_GOAL OF THE EXERCISE_: Locate the line bearing "fShift15/1 -> toDsp_config3/1" in the material below, then reproduce it and each following line up to and including the line bearing "toDsp_config25 : xbsIndex_r4/Gateway".

_GIVEN DATA_:

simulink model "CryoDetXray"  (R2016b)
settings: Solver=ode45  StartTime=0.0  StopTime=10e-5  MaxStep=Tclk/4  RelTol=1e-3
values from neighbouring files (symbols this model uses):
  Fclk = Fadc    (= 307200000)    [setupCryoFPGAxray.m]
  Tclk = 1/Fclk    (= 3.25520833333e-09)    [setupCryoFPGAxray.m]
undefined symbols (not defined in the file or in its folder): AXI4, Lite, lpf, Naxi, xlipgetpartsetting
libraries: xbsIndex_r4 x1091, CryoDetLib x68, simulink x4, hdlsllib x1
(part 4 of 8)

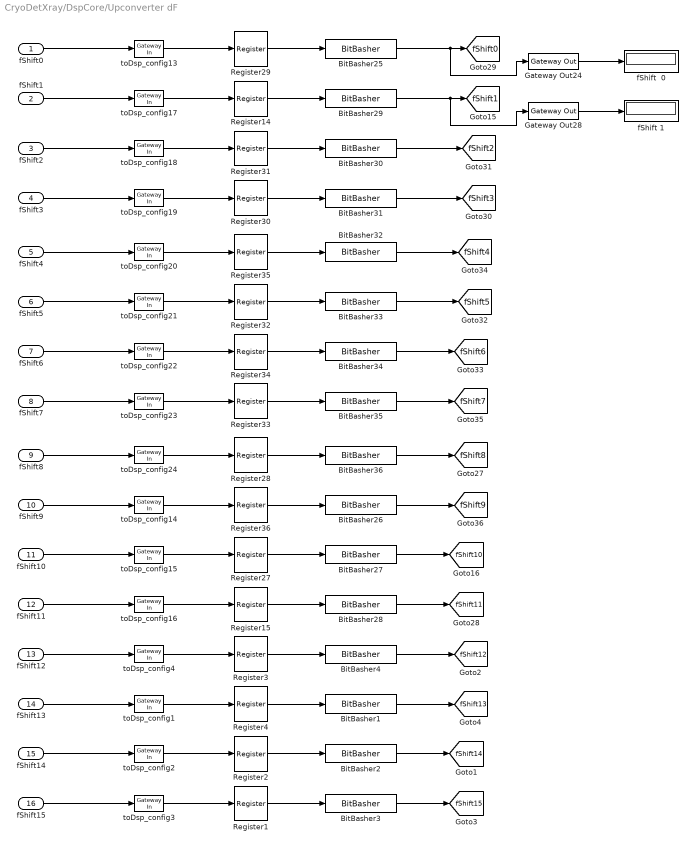
== system CryoDetXray/DspCore/Upconverter dF ==
  fShift0 : Inport
  fShift1 : Inport  Port=2
  fShift2 : Inport  Port=3
  fShift3 : Inport  Port=4
  fShift4 : Inport  Port=5
  fShift5 : Inport  Port=6
  fShift6 : Inport  Port=7
  fShift7 : Inport  Port=8
  fShift8 : Inport  Port=9
  fShift9 : Inport  Port=10
  fShift10 : Inport  Port=11
  fShift11 : Inport  Port=12
  fShift12 : Inport  Port=13
  fShift13 : Inport  Port=14
  fShift14 : Inport  Port=15
  fShift15 : Inport  Port=16
  BitBasher{1..4,25..36} (16 alike) : xbsIndex_r4/BitBasher  bitexpr=a={b[15:0]}  display_expr=on  sr_1=a  arith_type1=Unsigned  bin_pt1=16  sr_2=2  arith_type2=Unsigned  bin_pt2=0  sr_3=3  arith_type3=Unsigned  bin_pt3=0  sr_4=4  arith_type4=Unsigned  bin_pt4=0  dbl_ovrd=off  block_type=bitbasher
  Gateway Out24 : xbsIndex_r4/Gateway Out  inherit_from_input=on  hdl_port=off  rows=1  columns=1  UseAsDAC=off  DACChannel='1'  interface=None  automatic_assignment=on  address_offset=hex2dec('00')  intf_name=''  intf_description=''  timing_constraint=None  locs_specified=off  LOCs={}  io_standard={}  block_type=gatewayout
  Gateway Out28 : xbsIndex_r4/Gateway Out  inherit_from_input=on  hdl_port=off  rows=1  columns=1  UseAsDAC=off  DACChannel='1'  interface=None  automatic_assignment=on  address_offset=hex2dec('00')  intf_name=''  intf_description=''  timing_constraint=None  locs_specified=off  LOCs={}  io_standard={}  block_type=gatewayout
  Register{1..4,14..15,27..36} (16 alike) : xbsIndex_r4/Register  init=0  rst=off  en=off  dbl_ovrd=off  block_type=register
  fShift  0 : Display
  fShift 1 : Display
  toDsp_config1 : xbsIndex_r4/Gateway In  gui_display_data_type=Fixed-point  arith_type=Unsigned  n_bits=32  bin_pt=0  preci_type=Single  exp_width=8  frac_width=24  rows=1  columns=1  quantization=Truncate  overflow=Wrap  period=Tclk*Naxi  UseAsADC=off  ADCChannel='1'  interface=AXI4-Lite  automatic_assignment=off  address_offset=hex2dec('8B4')  intf_name=''  intf_description=''  default_value=0  timing_constraint=None  locs_specified=off  LOCs={}  io_standard={}  inherit_from_input=off  hdl_port=on  dbl_ovrd=off  block_type=gatewayin
  toDsp_config13 : xbsIndex_r4/Gateway In  gui_display_data_type=Fixed-point  arith_type=Unsigned  n_bits=32  bin_pt=0  preci_type=Single  exp_width=8  frac_width=24  rows=1  columns=1  quantization=Truncate  overflow=Wrap  period=Tclk*Naxi  UseAsADC=off  ADCChannel='1'  interface=AXI4-Lite  automatic_assignment=off  address_offset=hex2dec('880')  intf_name=''  intf_description=''  default_value=0  timing_constraint=None  locs_specified=off  LOCs={}  io_standard={}  inherit_from_input=off  hdl_port=on  dbl_ovrd=off  block_type=gatewayin
  toDsp_config14 : xbsIndex_r4/Gateway In  gui_display_data_type=Fixed-point  arith_type=Unsigned  n_bits=32  bin_pt=0  preci_type=Single  exp_width=8  frac_width=24  rows=1  columns=1  quantization=Truncate  overflow=Wrap  period=Tclk*Naxi  UseAsADC=off  ADCChannel='1'  interface=AXI4-Lite  automatic_assignment=off  address_offset=hex2dec('8A4')  intf_name=''  intf_description=''  default_value=0  timing_constraint=None  locs_specified=off  LOCs={}  io_standard={}  inherit_from_input=off  hdl_port=on  dbl_ovrd=off  block_type=gatewayin
  toDsp_config15 : xbsIndex_r4/Gateway In  gui_display_data_type=Fixed-point  arith_type=Unsigned  n_bits=32  bin_pt=0  preci_type=Single  exp_width=8  frac_width=24  rows=1  columns=1  quantization=Truncate  overflow=Wrap  period=Tclk*Naxi  UseAsADC=off  ADCChannel='1'  interface=AXI4-Lite  automatic_assignment=off  address_offset=hex2dec('8A8')  intf_name=''  intf_description=''  default_value=0  timing_constraint=None  locs_specified=off  LOCs={}  io_standard={}  inherit_from_input=off  hdl_port=on  dbl_ovrd=off  block_type=gatewayin
  toDsp_config16 : xbsIndex_r4/Gateway In  gui_display_data_type=Fixed-point  arith_type=Unsigned  n_bits=32  bin_pt=0  preci_type=Single  exp_width=8  frac_width=24  rows=1  columns=1  quantization=Truncate  overflow=Wrap  period=Tclk*Naxi  UseAsADC=off  ADCChannel='1'  interface=AXI4-Lite  automatic_assignment=off  address_offset=hex2dec('8AC')  intf_name=''  intf_description=''  default_value=0  timing_constraint=None  locs_specified=off  LOCs={}  io_standard={}  inherit_from_input=off  hdl_port=on  dbl_ovrd=off  block_type=gatewayin
  toDsp_config17 : xbsIndex_r4/Gateway In  gui_display_data_type=Fixed-point  arith_type=Unsigned  n_bits=32  bin_pt=0  preci_type=Single  exp_width=8  frac_width=24  rows=1  columns=1  quantization=Truncate  overflow=Wrap  period=Tclk*Naxi  UseAsADC=off  ADCChannel='1'  interface=AXI4-Lite  automatic_assignment=off  address_offset=hex2dec('884')  intf_name=''  intf_description=''  default_value=0  timing_constraint=None  locs_specified=off  LOCs={}  io_standard={}  inherit_from_input=off  hdl_port=on  dbl_ovrd=off  block_type=gatewayin
  toDsp_config18 : xbsIndex_r4/Gateway In  gui_display_data_type=Fixed-point  arith_type=Unsigned  n_bits=32  bin_pt=0  preci_type=Single  exp_width=8  frac_width=24  rows=1  columns=1  quantization=Truncate  overflow=Wrap  period=Tclk*Naxi  UseAsADC=off  ADCChannel='1'  interface=AXI4-Lite  automatic_assignment=off  address_offset=hex2dec('888')  intf_name=''  intf_description=''  default_value=0  timing_constraint=None  locs_specified=off  LOCs={}  io_standard={}  inherit_from_input=off  hdl_port=on  dbl_ovrd=off  block_type=gatewayin
  toDsp_config19 : xbsIndex_r4/Gateway In  gui_display_data_type=Fixed-point  arith_type=Unsigned  n_bits=32  bin_pt=0  preci_type=Single  exp_width=8  frac_width=24  rows=1  columns=1  quantization=Truncate  overflow=Wrap  period=Tclk*Naxi  UseAsADC=off  ADCChannel='1'  interface=AXI4-Lite  automatic_assignment=off  address_offset=hex2dec('88c')  intf_name=''  intf_description=''  default_value=0  timing_constraint=None  locs_specified=off  LOCs={}  io_standard={}  inherit_from_input=off  hdl_port=on  dbl_ovrd=off  block_type=gatewayin
  toDsp_config2 : xbsIndex_r4/Gateway In  gui_display_data_type=Fixed-point  arith_type=Unsigned  n_bits=32  bin_pt=0  preci_type=Single  exp_width=8  frac_width=24  rows=1  columns=1  quantization=Truncate  overflow=Wrap  period=Tclk*Naxi  UseAsADC=off  ADCChannel='1'  interface=AXI4-Lite  automatic_assignment=off  address_offset=hex2dec('8B8')  intf_name=''  intf_description=''  default_value=0  timing_constraint=None  locs_specified=off  LOCs={}  io_standard={}  inherit_from_input=off  hdl_port=on  dbl_ovrd=off  block_type=gatewayin
  toDsp_config20 : xbsIndex_r4/Gateway In  gui_display_data_type=Fixed-point  arith_type=Unsigned  n_bits=32  bin_pt=0  preci_type=Single  exp_width=8  frac_width=24  rows=1  columns=1  quantization=Truncate  overflow=Wrap  period=Tclk*Naxi  UseAsADC=off  ADCChannel='1'  interface=AXI4-Lite  automatic_assignment=off  address_offset=hex2dec('890')  intf_name=''  intf_description=''  default_value=0  timing_constraint=None  locs_specified=off  LOCs={}  io_standard={}  inherit_from_input=off  hdl_port=on  dbl_ovrd=off  block_type=gatewayin
  toDsp_config21 : xbsIndex_r4/Gateway In  gui_display_data_type=Fixed-point  arith_type=Unsigned  n_bits=32  bin_pt=0  preci_type=Single  exp_width=8  frac_width=24  rows=1  columns=1  quantization=Truncate  overflow=Wrap  period=Tclk*Naxi  UseAsADC=off  ADCChannel='1'  interface=AXI4-Lite  automatic_assignment=off  address_offset=hex2dec('894')  intf_name=''  intf_description=''  default_value=0  timing_constraint=None  locs_specified=off  LOCs={}  io_standard={}  inherit_from_input=off  hdl_port=on  dbl_ovrd=off  block_type=gatewayin
  toDsp_config22 : xbsIndex_r4/Gateway In  gui_display_data_type=Fixed-point  arith_type=Unsigned  n_bits=32  bin_pt=0  preci_type=Single  exp_width=8  frac_width=24  rows=1  columns=1  quantization=Truncate  overflow=Wrap  period=Tclk*Naxi  UseAsADC=off  ADCChannel='1'  interface=AXI4-Lite  automatic_assignment=off  address_offset=hex2dec('898')  intf_name=''  intf_description=''  default_value=0  timing_constraint=None  locs_specified=off  LOCs={}  io_standard={}  inherit_from_input=off  hdl_port=on  dbl_ovrd=off  block_type=gatewayin
  toDsp_config23 : xbsIndex_r4/Gateway In  gui_display_data_type=Fixed-point  arith_type=Unsigned  n_bits=32  bin_pt=0  preci_type=Single  exp_width=8  frac_width=24  rows=1  columns=1  quantization=Truncate  overflow=Wrap  period=Tclk*Naxi  UseAsADC=off  ADCChannel='1'  interface=AXI4-Lite  automatic_assignment=off  address_offset=hex2dec('89c')  intf_name=''  intf_description=''  default_value=0  timing_constraint=None  locs_specified=off  LOCs={}  io_standard={}  inherit_from_input=off  hdl_port=on  dbl_ovrd=off  block_type=gatewayin
  toDsp_config24 : xbsIndex_r4/Gateway In  gui_display_data_type=Fixed-point  arith_type=Unsigned  n_bits=32  bin_pt=0  preci_type=Single  exp_width=8  frac_width=24  rows=1  columns=1  quantization=Truncate  overflow=Wrap  period=Tclk*Naxi  UseAsADC=off  ADCChannel='1'  interface=AXI4-Lite  automatic_assignment=off  address_offset=hex2dec('8A0')  intf_name=''  intf_description=''  default_value=0  timing_constraint=None  locs_specified=off  LOCs={}  io_standard={}  inherit_from_input=off  hdl_port=on  dbl_ovrd=off  block_type=gatewayin
  toDsp_config3 : xbsIndex_r4/Gateway In  gui_display_data_type=Fixed-point  arith_type=Unsigned  n_bits=32  bin_pt=0  preci_type=Single  exp_width=8  frac_width=24  rows=1  columns=1  quantization=Truncate  overflow=Wrap  period=Tclk*Naxi  UseAsADC=off  ADCChannel='1'  interface=AXI4-Lite  automatic_assignment=off  address_offset=hex2dec('8BC')  intf_name=''  intf_description=''  default_value=0  timing_constraint=None  locs_specified=off  LOCs={}  io_standard={}  inherit_from_input=off  hdl_port=on  dbl_ovrd=off  block_type=gatewayin
  toDsp_config4 : xbsIndex_r4/Gateway In  gui_display_data_type=Fixed-point  arith_type=Unsigned  n_bits=32  bin_pt=0  preci_type=Single  exp_width=8  frac_width=24  rows=1  columns=1  quantization=Truncate  overflow=Wrap  period=Tclk*Naxi  UseAsADC=off  ADCChannel='1'  interface=AXI4-Lite  automatic_assignment=off  address_offset=hex2dec('8B0')  intf_name=''  intf_description=''  default_value=0  timing_constraint=None  locs_specified=off  LOCs={}  io_standard={}  inherit_from_input=off  hdl_port=on  dbl_ovrd=off  block_type=gatewayin
  tag scope: fShift0=global, fShift10=global, fShift11=global, fShift12=global, fShift13=global, fShift14=global, fShift15=global, fShift1=global, fShift2=global, fShift3=global, fShift4=global, fShift5=global, fShift6=global, fShift7=global, fShift8=global, fShift9=global
  wires:
  toDsp_config13/1 -> Register29/1
  fShift10/1 -> toDsp_config15/1
  toDsp_config15/1 -> Register27/1
  Register32/1 -> BitBasher33/1
  BitBasher28/1 -> [fShift11]
  Register15/1 -> BitBasher28/1
  toDsp_config21/1 -> Register32/1
  BitBasher32/1 -> [fShift4]
  Register27/1 -> BitBasher27/1
  BitBasher27/1 -> [fShift10]
  fShift0/1 -> toDsp_config13/1
  fShift7/1 -> toDsp_config23/1
  toDsp_config23/1 -> Register33/1
  Gateway Out24/1 -> fShift  0/1
  Register30/1 -> BitBasher31/1
  BitBasher30/1 -> [fShift2]
  BitBasher31/1 -> [fShift3]
  Register33/1 -> BitBasher35/1
  Register36/1 -> BitBasher26/1
  fShift2/1 -> toDsp_config18/1
  toDsp_config18/1 -> Register31/1
  BitBasher29/1 -> Gateway Out28/1, [fShift1]
  BitBasher34/1 -> [fShift6]
  toDsp_config17/1 -> Register14/1
  fShift1/1 -> toDsp_config17/1
  Register28/1 -> BitBasher36/1
  BitBasher33/1 -> [fShift5]
  BitBasher35/1 -> [fShift7]
  BitBasher25/1 -> Gateway Out24/1, [fShift0]
  fShift5/1 -> toDsp_config21/1
  BitBasher36/1 -> [fShift8]
  Register34/1 -> BitBasher34/1
  BitBasher26/1 -> [fShift9]
  fShift8/1 -> toDsp_config24/1
  toDsp_config24/1 -> Register28/1
  fShift6/1 -> toDsp_config22/1
  toDsp_config22/1 -> Register34/1
  fShift11/1 -> toDsp_config16/1
  toDsp_config16/1 -> Register15/1
  fShift9/1 -> toDsp_config14/1
  toDsp_config14/1 -> Register36/1
  Register29/1 -> BitBasher25/1
  Register35/1 -> BitBasher32/1
  toDsp_config20/1 -> Register35/1
  fShift4/1 -> toDsp_config20/1
  Register14/1 -> BitBasher29/1
  Gateway Out28/1 -> fShift 1/1
  Register31/1 -> BitBasher30/1
  fShift3/1 -> toDsp_config19/1
  toDsp_config19/1 -> Register30/1
  fShift14/1 -> toDsp_config2/1
  toDsp_config2/1 -> Register2/1
  BitBasher3/1 -> [fShift15]
  Register1/1 -> BitBasher3/1
  Register2/1 -> BitBasher2/1
  BitBasher2/1 -> [fShift14]
  Register4/1 -> BitBasher1/1
  Register3/1 -> BitBasher4/1
  BitBasher4/1 -> [fShift12]
  BitBasher1/1 -> [fShift13]
  fShift12/1 -> toDsp_config4/1
  toDsp_config4/1 -> Register3/1
  fShift15/1 -> toDsp_config3/1
  toDsp_config3/1 -> Register1/1
  fShift13/1 -> toDsp_config1/1
  toDsp_config1/1 -> Register4/1

== system CryoDetXray/DspCore/eta input ==
  note: Punt for now on ch 3-11
  Re eta 0 : Inport
  Im eta 0 : Inport  Port=2
  Re eta 1 : Inport  Port=3
  Im eta 1 : Inport  Port=4
  Re eta 2 : Inport  Port=5
  Im eta 2 : Inport  Port=6
  Constant : xbsIndex_r4/Constant  const=0  gui_display_data_type=Fixed-point  arith_type=Signed (2's comp)  n_bits=32  bin_pt=14  preci_type=Single  exp_width=8  frac_width=24  explicit_period=off  period=1  equ=P=C  opselect=C  inp2=PCIN>>17  opr=+  inp1=P  carry=CIN  dbl_ovrd=off  block_type=constant
  Gateway Out{36..41} (6 alike) : xbsIndex_r4/Gateway Out  inherit_from_input=on  hdl_port=off  rows=1  columns=1  UseAsDAC=off  DACChannel='1'  interface=None  automatic_assignment=on  address_offset=hex2dec('00')  intf_name=''  intf_description=''  timing_constraint=None  locs_specified=off  LOCs={}  io_standard={}  block_type=gatewayout
  Register{37..42} (6 alike) : xbsIndex_r4/Register  init=0  rst=off  en=off  dbl_ovrd=off  block_type=register
  im eta 0 : Display
  im eta 1 : Display
  im eta 2 : Display
  re eta 0 : Display
  re eta 1 : Display
  re eta 2 : Display
  toDsp_config25 : xbsIndex_r4/Gateway In  gui_display_data_type=Fixed-point  arith_type="Signed  (2's comp)"  n_bits=32  bin_pt=14  preci_type=Single  exp_width=8  frac_width=24  rows=1  columns=1  quantization=Truncate  overflow=Wrap  period=Tclk*Naxi  UseAsADC=off  ADCChannel='1'  interface=AXI4-Lite  automatic_assignment=off  address_offset=hex2dec('C00')  intf_name=''  intf_description=''  default_value=0  timing_constraint=None  locs_specified=off  LOCs={}  io_standard={}  inherit_from_input=off  hdl_port=on  dbl_ovrd=off  block_type=gatewayin
  toDsp_config26 : xbsIndex_r4/Gateway In  gui_display_data_type=Fixed-point  arith_type="Signed  (2's comp)"  n_bits=32  bin_pt=14  preci_type=Single  exp_width=8  frac_width=24  rows=1  columns=1  quantization=Truncate  overflow=Wrap  period=Tclk*Naxi  UseAsADC=off  ADCChannel='1'  interface=AXI4-Lite  automatic_assignment=off  address_offset=hex2dec('D00')  intf_name=''  intf_description=''  default_value=0  timing_constraint=None  locs_specified=off  LOCs={}  io_standard={}  inherit_from_input=off  hdl_port=on  dbl_ovrd=off  block_type=gatewayin
  toDsp_config27 : xbsIndex_r4/Gateway In  gui_display_data_type=Fixed-point  arith_type="Signed  (2's comp)"  n_bits=32  bin_pt=14  preci_type=Single  exp_width=8  frac_width=24  rows=1  columns=1  quantization=Truncate  overflow=Wrap  period=Tclk*Naxi  UseAsADC=off  ADCChannel='1'  interface=AXI4-Lite  automatic_assignment=off  address_offset=hex2dec('C04')  intf_name=''  intf_description=''  default_value=0  timing_constraint=None  locs_specified=off  LOCs={}  io_standard={}  inherit_from_input=off  hdl_port=on  dbl_ovrd=off  block_type=gatewayin
  toDsp_config28 : xbsIndex_r4/Gateway In  gui_display_data_type=Fixed-point  arith_type="Signed  (2's comp)"  n_bits=32  bin_pt=14  preci_type=Single  exp_width=8  frac_width=24  rows=1  columns=1  quantization=Truncate  overflow=Wrap  period=Tclk*Naxi  UseAsADC=off  ADCChannel='1'  interface=AXI4-Lite  automatic_assignment=off  address_offset=hex2dec('D04')  intf_name=''  intf_description=''  default_value=0  timing_constraint=None  locs_specified=off  LOCs={}  io_standard={}  inherit_from_input=off  hdl_port=on  dbl_ovrd=off  block_type=gatewayin
  toDsp_config29 : xbsIndex_r4/Gateway In  gui_display_data_type=Fixed-point  arith_type="Signed  (2's comp)"  n_bits=32  bin_pt=14  preci_type=Single  exp_width=8  frac_width=24  rows=1  columns=1  quantization=Truncate  overflow=Wrap  period=Tclk*Naxi  UseAsADC=off  ADCChannel='1'  interface=AXI4-Lite  automatic_assignment=off  address_offset=hex2dec('C08')  intf_name=''  intf_description=''  default_value=0  timing_constraint=None  locs_specified=off  LOCs={}  io_standard={}  inherit_from_input=off  hdl_port=on  dbl_ovrd=off  block_type=gatewayin
  toDsp_config30 : xbsIndex_r4/Gateway In  gui_display_data_type=Fixed-point  arith_type="Signed  (2's comp)"  n_bits=32  bin_pt=14  preci_type=Single  exp_width=8  frac_width=24  rows=1  columns=1  quantization=Truncate  overflow=Wrap  period=Tclk*Naxi  UseAsADC=off  ADCChannel='1'  interface=AXI4-Lite  automatic_assignment=off  address_offset=hex2dec('D08')  intf_name=''  intf_description=''  default_value=0  timing_constraint=None  locs_specified=off  LOCs={}  io_standard={}  inherit_from_input=off  hdl_port=on  dbl_ovrd=off  block_type=gatewayin
  tag scope: imEta0=global, imEta10=global, imEta11=global, imEta12=global, imEta13=global, imEta14=global, imEta15=global, imEta1=global, imEta2=global, imEta3=global, imEta4=global, imEta5=global, imEta6=global, imEta7=global, imEta8=global, imEta9=global, reEta0=global, reEta10=global, reEta11=global, reEta12=global, reEta13=global, reEta14=global, reEta15=global, reEta1=global, reEta2=global, reEta3=global, reEta4=global, reEta5=global, reEta6=global, reEta7=global, reEta8=global, reEta9=global
  wires:
  toDsp_config28/1 -> Register39/1
  Im eta 1/1 -> toDsp_config28/1
  Register40/1 -> Gateway Out38/1, [reEta1]
  Gateway Out39/1 -> im eta 1/1
  Re eta 2/1 -> toDsp_config29/1
  Gateway Out40/1 -> re eta 2/1
  Register41/1 -> Gateway Out41/1, [imEta2]
  toDsp_config30/1 -> Register41/1
  Im eta 2/1 -> toDsp_config30/1
  toDsp_config27/1 -> Register40/1
  Re eta 1/1 -> toDsp_config27/1
  Gateway Out38/1 -> re eta 1/1
  Register39/1 -> Gateway Out39/1, [imEta1]
  Register42/1 -> Gateway Out40/1, [reEta2]
  Gateway Out41/1 -> im eta 2/1
  toDsp_config29/1 -> Register42/1
  Constant/1 -> [reEta4], [reEta5], [reEta6], [reEta7], [reEta8], [reEta9], [imEta9], [imEta10], [imEta12], [imEta13], [imEta14], [imEta15], [imEta11], [imEta8], [imEta7], [imEta6], [imEta5], [imEta4], [imEta3], [reEta15], [reEta14], [reEta13], [reEta12], [reEta11], [reEta10], [reEta3]
  toDsp_config25/1 -> Register38/1
  Re eta 0/1 -> toDsp_config25/1
  Gateway Out36/1 -> re eta 0/1
  Register37/1 -> Gateway Out37/1, [imEta0]
  toDsp_config26/1 -> Register37/1
  Im eta 0/1 -> toDsp_config26/1
  Register38/1 -> Gateway Out36/1, [reEta0]
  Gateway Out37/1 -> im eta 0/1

_RESPONSE_:
  fShift15/1 -> toDsp_config3/1
  toDsp_config3/1 -> Register1/1
  fShift13/1 -> toDsp_config1/1
  toDsp_config1/1 -> Register4/1

== system CryoDetXray/DspCore/eta input ==
  note: Punt for now on ch 3-11
  Re eta 0 : Inport
  Im eta 0 : Inport  Port=2
  Re eta 1 : Inport  Port=3
  Im eta 1 : Inport  Port=4
  Re eta 2 : Inport  Port=5
  Im eta 2 : Inport  Port=6
  Constant : xbsIndex_r4/Constant  const=0  gui_display_data_type=Fixed-point  arith_type=Signed (2's comp)  n_bits=32  bin_pt=14  preci_type=Single  exp_width=8  frac_width=24  explicit_period=off  period=1  equ=P=C  opselect=C  inp2=PCIN>>17  opr=+  inp1=P  carry=CIN  dbl_ovrd=off  block_type=constant
  Gateway Out{36..41} (6 alike) : xbsIndex_r4/Gateway Out  inherit_from_input=on  hdl_port=off  rows=1  columns=1  UseAsDAC=off  DACChannel='1'  interface=None  automatic_assignment=on  address_offset=hex2dec('00')  intf_name=''  intf_description=''  timing_constraint=None  locs_specified=off  LOCs={}  io_standard={}  block_type=gatewayout
  Register{37..42} (6 alike) : xbsIndex_r4/Register  init=0  rst=off  en=off  dbl_ovrd=off  block_type=register
  im eta 0 : Display
  im eta 1 : Display
  im eta 2 : Display
  re eta 0 : Display
  re eta 1 : Display
  re eta 2 : Display
  toDsp_config25 : xbsIndex_r4/Gateway In  gui_display_data_type=Fixed-point  arith_type="Signed  (2's comp)"  n_bits=32  bin_pt=14  preci_type=Single  exp_width=8  frac_width=24  rows=1  columns=1  quantization=Truncate  overflow=Wrap  period=Tclk*Naxi  UseAsADC=off  ADCChannel='1'  interface=AXI4-Lite  automatic_assignment=off  address_offset=hex2dec('C00')  intf_name=''  intf_description=''  default_value=0  timing_constraint=None  locs_specified=off  LOCs={}  io_standard={}  inherit_from_input=off  hdl_port=on  dbl_ovrd=off  block_type=gatewayin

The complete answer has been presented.